Your task: Filter the records below for the word "made". Keep each line that has it.

──────── Information shown

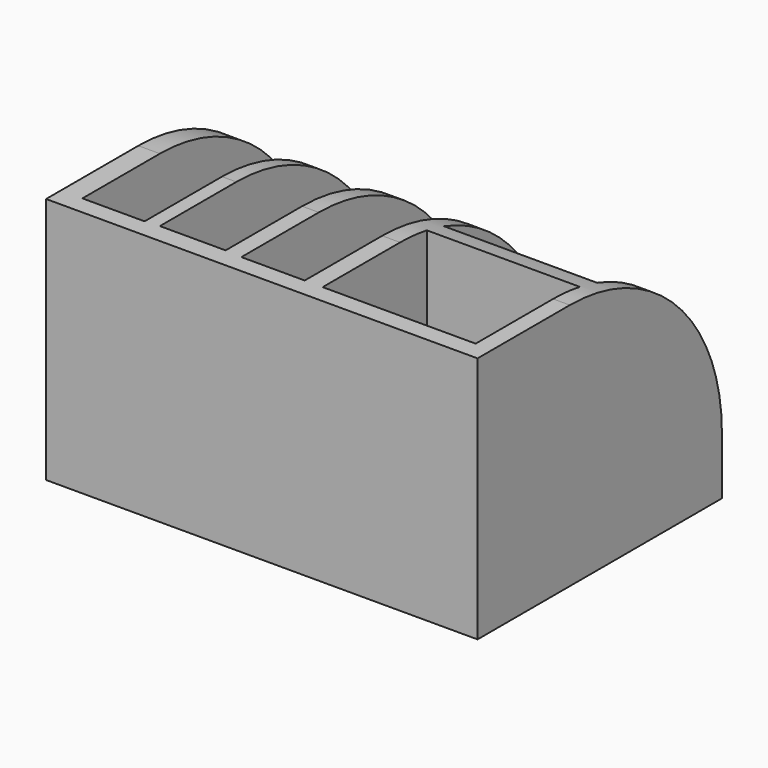
from build123d import *

# Parameters (mm, degrees)
F0_W        = 102.9718667269
F0_H        = 59.044812806
F1_DEPTH    = 72.898
F2_W        = 14.8325152695
F2_H        = 63.3234274574
F2_W_2      = 15.6882368028
F2_H_2      = 63.3234172128
F2_W_3      = 15.1177551597
F2_H_3      = 63.8939035125
F2_W_4      = 36.5108018741
F2_H_4      = 27.9535762966
F2_H_5      = 31.0912323184
F4_DEPTH    = 47.498
F5_T1_DEPTH = 329.8596573187


# Not quite as in the source:
# - a fillet or chamfer that OpenCascade refuses, or shapes differently, is made with other operations: its cross-section is extruded or revolved along the edge and cut away or added


with BuildPart() as f1:
    # F0 (on Front) → F1 (new body)
    with BuildSketch(Plane.XZ):
        with Locations((0.1426190138, -18.5406408273)):
            Rectangle(F0_W, F0_H)
    extrude(amount=-F1_DEPTH)

    # F2 (on face) → F4 (cut)
    with BuildSketch(Plane.XY.offset(10.9817655757)):
        with Locations((-38.7927275151, 36.0829436686)):
            Rectangle(F2_W, F2_H)
        with Locations((-20.1094653457, 36.3681793679)):
            Rectangle(F2_W_2, F2_H_2)
        with Locations((-0.7131015882, 36.3681816962)):
            Rectangle(F2_W_3, F2_H_3)
        with Locations((29.3797855265, 54.6235833317)):
            Rectangle(F2_W_4, F2_H_4)
        with Locations((29.3797855265, 19.9668460991)):
            Rectangle(F2_W_4, F2_H_5)
    extrude(amount=-F4_DEPTH, mode=Mode.SUBTRACT)

    # F5: fillet of radius 45.3775581184 on 1 edges, made by hand

    # F5_s2 → F5_t1 (cut)
    with BuildSketch(Plane.YZ.offset(-164.7872096456)):
        with BuildLine():
            ThreePointArc((27.5204418816, 10.9817655757), (59.6072209408, -2.3090134835), (72.898, -34.3957925427))
            Line((72.898, -34.3957925427), (72.898, 10.9817655757))
            Line((72.898, 10.9817655757), (27.5204418816, 10.9817655757))
        make_face()
    extrude(amount=F5_T1_DEPTH, mode=Mode.SUBTRACT)


solid = f1.part

────────────────

Exercise response:
# - a fillet or chamfer that OpenCascade refuses, or shapes differently, is made with other operations: its cross-section is extruded or revolved along the edge and cut away or added
    # F5: fillet of radius 45.3775581184 on 1 edges, made by hand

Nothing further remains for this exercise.